3. Gender-Aware Detection
It is simple for humanity to recognize female fashion compared to male fashion. Many works have been conducted to recognize gender automatically, and machine learning (ML) facilitated this idea. K. Khan
[19][16] proposed a framework that first segments a face image into face parts and then performs automatic gender classification, and he segmented a face image into six different classes—mouth, hair, eyes, nose, skin, and back. Boosted by face detection, in the past few decades, the work has witnessed the thriving of gender detection based on face specification
[20,21][17][18]. Segmenting the face into parts facilitated the work of gender recognition, but it is weak for images with full bodies wearing different clothes. H. Chen
[22][19] attempted to build a list of image attributes to describe clothes in images taken in an unconstrained environment, including gender as an attribute, and he only sampled patches from the top of the body.
4. Object Detection
Detecting objects is one of the most important aspects of computer vision, and detecting objects in query images is important for generating embeddings and recommending similar products.

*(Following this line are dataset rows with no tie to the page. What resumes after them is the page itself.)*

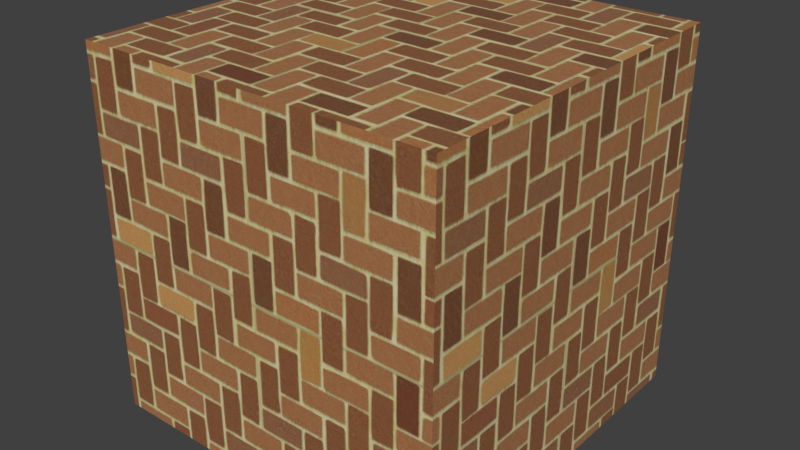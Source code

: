 # Source: Brick_Patterned_06.blend  (saved by Blender 2.82.7; exported with 4.5.12 LTS)
import bpy
from mathutils import Matrix  # noqa: F401  (used for matrix-valued properties, if any)

bpy.ops.wm.read_factory_settings(use_empty=True)
scene = bpy.context.scene
scene.name = 'Scene'

# ---- collections
col_collection_1 = bpy.data.collections.new('Collection 1'); scene.collection.children.link(col_collection_1)

# ---- images (referenced by path relative to the original .blend; pixels are not part of the script)
import os
ASSET_DIR = os.environ.get("B2B_ASSET_DIR", "")  # directory of the original .blend (textures are referenced by path, not embedded)
HERE = os.path.dirname(os.path.abspath(__file__))  # packed textures are extracted next to this script under _unpacked/

def load_image(name, relpath, width, height, colorspace="sRGB"):
    """Load a texture the original file referenced (path relative to the .blend, or extracted next to this script)."""
    p = next((c for c in (os.path.join(HERE, relpath), os.path.join(ASSET_DIR, relpath)) if relpath and os.path.exists(c)), "")
    if p:
        img = bpy.data.images.load(p, check_existing=True)
        img.name = name
    else:  # same state as the original file: an image datablock whose file is absent (Cycles renders it pink)
        img = bpy.data.images.new(name, width, height)
        img.source = "FILE"
        img.filepath = "//" + (relpath or name)
    img.colorspace_settings.name = colorspace
    return img
img_chocofur_brick_patterned_06_diff_jpg = load_image('Chocofur_brick_patterned_06_diff.jpg', '_unpacked/Chocofur_brick_patterned_06_diff.e9ba6efc.jpg', 512, 512, 'sRGB')
img_chocofur_brick_patterned_06_disp_jpg = load_image('Chocofur_brick_patterned_06_disp.jpg', '_unpacked/Chocofur_brick_patterned_06_disp.e36ccac6.jpg', 512, 512, 'sRGB')

# ---- materials (node trees are filled in below, after node groups)
mat_brick_patterned_06 = bpy.data.materials.new('Brick Patterned 06')
mat_brick_patterned_06.displacement_method = 'DISPLACEMENT'
mat_brick_patterned_06.alpha_threshold = 0.0
mat_brick_patterned_06.roughness = 0.5

# ---- node groups
ng_chocofur_glossy_shader_005 = bpy.data.node_groups.new('Chocofur_Glossy_Shader.005', 'ShaderNodeTree')
_s = ng_chocofur_glossy_shader_005.interface.new_socket(name='Shader', in_out='OUTPUT', socket_type='NodeSocketShader')
_s = ng_chocofur_glossy_shader_005.interface.new_socket(name='Color: Diffuse', in_out='INPUT', socket_type='NodeSocketColor')
_s.default_value = (0.0331, 0.0331, 0.0331, 1.0)
_s = ng_chocofur_glossy_shader_005.interface.new_socket(name='Color: Reflection', in_out='INPUT', socket_type='NodeSocketColor')
_s.default_value = (0.7874, 0.7874, 0.7874, 1.0)
_s = ng_chocofur_glossy_shader_005.interface.new_socket(name='Reflection_Strength', in_out='INPUT', socket_type='NodeSocketFloat')
_s.subtype = 'FACTOR'
_s.default_value = 1.0
_s.min_value = 0.0
_s.max_value = 10.0
_s = ng_chocofur_glossy_shader_005.interface.new_socket(name='Reflection_Glossiness', in_out='INPUT', socket_type='NodeSocketFloat')
_s.subtype = 'FACTOR'
_s.default_value = 0.1
_s.min_value = 0.0
_s.max_value = 1.0
_s = ng_chocofur_glossy_shader_005.interface.new_socket(name='Glossy_90_Strength', in_out='INPUT', socket_type='NodeSocketFloat')
_s.subtype = 'FACTOR'
_s.default_value = 0.5
_s.min_value = 0.0
_s.max_value = 10.0
_N = ng_chocofur_glossy_shader_005.nodes; _L = ng_chocofur_glossy_shader_005.links
n0 = _N.new('ShaderNodeLayerWeight'); n0.name = 'Layer Weight.001'; n0.location = (-1355, 575)
n1 = _N.new('ShaderNodeRGBCurve'); n1.name = 'RGB Curves.001'; n1.location = (-761, 971)
n1.width = 239
_c = n1.mapping.curves[3]
while len(_c.points) > 2: _c.points.remove(_c.points[-1])
_c.points[0].location = (0.0, 0.01875); _c.points[0].handle_type = 'AUTO'
_c.points[1].location = (0.8, 0.25); _c.points[1].handle_type = 'AUTO'
_p = _c.points.new(1.0, 1.0); _p.handle_type = 'AUTO'
n1.mapping.update()
n2 = _N.new('ShaderNodeRGBCurve'); n2.name = 'RGB Curves'; n2.location = (-756, 612)
n2.width = 239
_c = n2.mapping.curves[3]
while len(_c.points) > 2: _c.points.remove(_c.points[-1])
_c.points[0].location = (0.0, 0.0); _c.points[0].handle_type = 'AUTO'
_c.points[1].location = (0.25, 0.0); _c.points[1].handle_type = 'AUTO'
_p = _c.points.new(0.5, 0.0); _p.handle_type = 'AUTO'
_p = _c.points.new(0.75, 0.0); _p.handle_type = 'AUTO'
_p = _c.points.new(0.94178, 0.1625); _p.handle_type = 'AUTO'
_p = _c.points.new(1.0, 1.0); _p.handle_type = 'AUTO'
n2.mapping.update()
n3 = _N.new('ShaderNodeMixShader'); n3.name = 'Mix Shader'; n3.location = (483, -32)
n4 = _N.new('ShaderNodeBsdfDiffuse'); n4.name = 'Diffuse BSDF.001'; n4.location = (108, 16)
n5 = _N.new('ShaderNodeMixShader'); n5.name = 'Mix Shader.001'; n5.location = (100, -124)
n6 = _N.new('NodeGroupOutput'); n6.name = 'Group Output'; n6.location = (864, -49)
n7 = _N.new('NodeGroupInput'); n7.name = 'Group Input'; n7.location = (-1371, -327)
n8 = _N.new('ShaderNodeMath'); n8.name = 'Math.003'; n8.location = (-612, -291)
n8.operation = 'MULTIPLY'
n8.inputs[1].default_value = 2.0
n8.inputs[2].default_value = 0.0
n9 = _N.new('ShaderNodeMixShader'); n9.name = 'Mix Shader.002'; n9.location = (-169, -128)
n10 = _N.new('ShaderNodeBsdfAnisotropic'); n10.name = 'Glossy BSDF.002'; n10.location = (-381, -118)
n10.distribution = 'GGX'
n11 = _N.new('ShaderNodeBsdfAnisotropic'); n11.name = 'Glossy BSDF.003'; n11.location = (-387, -300)
n11.distribution = 'GGX'
n12 = _N.new('ShaderNodeBsdfAnisotropic'); n12.name = 'Glossy BSDF.001'; n12.location = (-382, -479)
n12.distribution = 'GGX'
n12.inputs[0].default_value = (0.89, 0.89, 0.89, 1.0)
n13 = _N.new('ShaderNodeMath'); n13.name = 'Math.001'; n13.location = (-608, -477)
n13.operation = 'MULTIPLY'
n13.inputs[1].default_value = 0.01
n13.inputs[2].default_value = 0.0
n14 = _N.new('ShaderNodeMath'); n14.name = 'Math.004'; n14.location = (-858, -123)
n14.operation = 'MULTIPLY'
n14.inputs[2].default_value = 0.0
n15 = _N.new('ShaderNodeMath'); n15.name = 'Math.002'; n15.location = (-246, 440)
n15.operation = 'MULTIPLY'
n15.inputs[2].default_value = 0.0
n16 = _N.new('ShaderNodeMath'); n16.name = 'Math'; n16.location = (-116, 738)
n16.operation = 'MULTIPLY'
n16.inputs[2].default_value = 0.0
n17 = _N.new('ShaderNodeMath'); n17.name = 'Math.005'; n17.location = (-499, 133)
n17.operation = 'MULTIPLY'
n17.inputs[1].default_value = 2.0
n17.inputs[2].default_value = 0.0
n18 = _N.new('ShaderNodeMath'); n18.name = 'Math.006'; n18.location = (-620, -120)
n18.operation = 'POWER'
n19 = _N.new('ShaderNodeMath'); n19.name = 'Math.007'; n19.location = (-499, -295)
n19.operation = 'POWER'
n20 = _N.new('ShaderNodeMath'); n20.name = 'Math.008'; n20.location = (-495, -478)
n20.operation = 'POWER'
_L.new(n12.outputs[0], n5.inputs[2])
_L.new(n10.outputs[0], n9.inputs[1])
_L.new(n4.outputs[0], n3.inputs[1])
_L.new(n5.outputs[0], n3.inputs[2])
_L.new(n3.outputs[0], n6.inputs[0])
_L.new(n0.outputs[1], n1.inputs[1])
_L.new(n0.outputs[1], n2.inputs[1])
_L.new(n1.outputs[0], n16.inputs[0])
_L.new(n2.outputs[0], n15.inputs[0])
_L.new(n7.outputs[0], n4.inputs[0])
_L.new(n7.outputs[1], n10.inputs[0])
_L.new(n16.outputs[0], n3.inputs[0])
_L.new(n7.outputs[3], n13.inputs[0])
_L.new(n15.outputs[0], n5.inputs[0])
_L.new(n7.outputs[1], n11.inputs[0])
_L.new(n9.outputs[0], n5.inputs[1])
_L.new(n11.outputs[0], n9.inputs[2])
_L.new(n7.outputs[3], n14.inputs[0])
_L.new(n14.outputs[0], n8.inputs[0])
_L.new(n17.outputs[0], n15.inputs[1])
_L.new(n7.outputs[2], n16.inputs[1])
_L.new(n7.outputs[4], n17.inputs[0])
_L.new(n14.outputs[0], n18.inputs[0])
_L.new(n18.outputs[0], n10.inputs[1])
_L.new(n8.outputs[0], n19.inputs[0])
_L.new(n19.outputs[0], n11.inputs[1])
_L.new(n13.outputs[0], n20.inputs[0])
_L.new(n20.outputs[0], n12.inputs[1])
n6.is_active_output = True
ng_chocofur_color_correct_005 = bpy.data.node_groups.new('Chocofur_Color_Correct.005', 'ShaderNodeTree')
_s = ng_chocofur_color_correct_005.interface.new_socket(name='Diff_Color', in_out='OUTPUT', socket_type='NodeSocketColor')
_s.default_value = (0.0, 0.0, 0.0, 0.0)
_s = ng_chocofur_color_correct_005.interface.new_socket(name='Refl_Strength', in_out='OUTPUT', socket_type='NodeSocketFloat')
_s.min_value = 0.0
_s.max_value = 0.0
_s = ng_chocofur_color_correct_005.interface.new_socket(name='Glossy_Level', in_out='OUTPUT', socket_type='NodeSocketFloat')
_s = ng_chocofur_color_correct_005.interface.new_socket(name='Displacement', in_out='OUTPUT', socket_type='NodeSocketFloat')
_s.min_value = 0.0
_s.max_value = 0.0
_s = ng_chocofur_color_correct_005.interface.new_socket(name='Diff_Input', in_out='INPUT', socket_type='NodeSocketColor')
_s = ng_chocofur_color_correct_005.interface.new_socket(name='Diff_Hue', in_out='INPUT', socket_type='NodeSocketFloat')
_s.subtype = 'FACTOR'
_s.default_value = 0.5
_s.min_value = 0.0
_s.max_value = 1.0
_s = ng_chocofur_color_correct_005.interface.new_socket(name='Diff_Contrast', in_out='INPUT', socket_type='NodeSocketFloat')
_s.subtype = 'FACTOR'
_s.min_value = -5.0
_s.max_value = 5.0
_s = ng_chocofur_color_correct_005.interface.new_socket(name='Diff_Saturation', in_out='INPUT', socket_type='NodeSocketFloat')
_s.subtype = 'FACTOR'
_s.default_value = 1.0
_s.min_value = 0.0
_s.max_value = 5.0
_s = ng_chocofur_color_correct_005.interface.new_socket(name='Diff_Brightness', in_out='INPUT', socket_type='NodeSocketFloat')
_s.subtype = 'FACTOR'
_s.default_value = 1.0
_s.min_value = 0.0
_s.max_value = 5.0
_s = ng_chocofur_color_correct_005.interface.new_socket(name='Refl_Input', in_out='INPUT', socket_type='NodeSocketColor')
_s = ng_chocofur_color_correct_005.interface.new_socket(name='Refl_Strength', in_out='INPUT', socket_type='NodeSocketFloat')
_s.subtype = 'FACTOR'
_s.default_value = 1.0
_s.min_value = 0.0
_s.max_value = 10.0
_s = ng_chocofur_color_correct_005.interface.new_socket(name='Refl_Look', in_out='INPUT', socket_type='NodeSocketFloat')
_s.subtype = 'FACTOR'
_s.min_value = -1.0
_s.max_value = 1.0
_s = ng_chocofur_color_correct_005.interface.new_socket(name='Refl_Contrast', in_out='INPUT', socket_type='NodeSocketFloat')
_s.subtype = 'FACTOR'
_s.min_value = -5.0
_s.max_value = 5.0
_s = ng_chocofur_color_correct_005.interface.new_socket(name='Glossy_Input', in_out='INPUT', socket_type='NodeSocketColor')
_s = ng_chocofur_color_correct_005.interface.new_socket(name='Glossy_Strength', in_out='INPUT', socket_type='NodeSocketFloat')
_s.subtype = 'FACTOR'
_s.default_value = 1.0
_s.min_value = 0.0
_s.max_value = 10.0
_s = ng_chocofur_color_correct_005.interface.new_socket(name='Glossy_Look', in_out='INPUT', socket_type='NodeSocketFloat')
_s.subtype = 'FACTOR'
_s.min_value = -1.0
_s.max_value = 1.0
_s = ng_chocofur_color_correct_005.interface.new_socket(name='Glossy_Contrast', in_out='INPUT', socket_type='NodeSocketFloat')
_s.subtype = 'FACTOR'
_s.min_value = -5.0
_s.max_value = 5.0
_s = ng_chocofur_color_correct_005.interface.new_socket(name='Bump_Input', in_out='INPUT', socket_type='NodeSocketColor')
_s = ng_chocofur_color_correct_005.interface.new_socket(name='Bump_Strength', in_out='INPUT', socket_type='NodeSocketFloat')
_s.subtype = 'FACTOR'
_s.default_value = 1.0
_s.min_value = 0.0
_s.max_value = 10.0
_s = ng_chocofur_color_correct_005.interface.new_socket(name='Bump_Look', in_out='INPUT', socket_type='NodeSocketFloat')
_s.subtype = 'FACTOR'
_s.min_value = -1.0
_s.max_value = 1.0
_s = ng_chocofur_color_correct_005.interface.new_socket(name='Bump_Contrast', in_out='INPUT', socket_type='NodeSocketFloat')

There are various methods for object detection like Darknet architectures, which are based on single detectors like YOLO
[25][20], which is one of most recently used and most accurate tools in real-time object detection, while the need it to use it in query images it still counted as the ideal solution.
5. Similarity Learning
Similarity learning is a hot topic in deep learning, which helps in grouping items to find the embedding vectors that are closest to obtaining and recommending similar items for detected objects from query images. F. Schroff presented a system called FaceNet, which directly learns a mapping from face images in a compact Euclidean space where distances directly correspond to a measure of face similarity
[27][21]; for MLGFRS, the embedding learning will be used to group the products based on the similarity to recommend the most relevant products.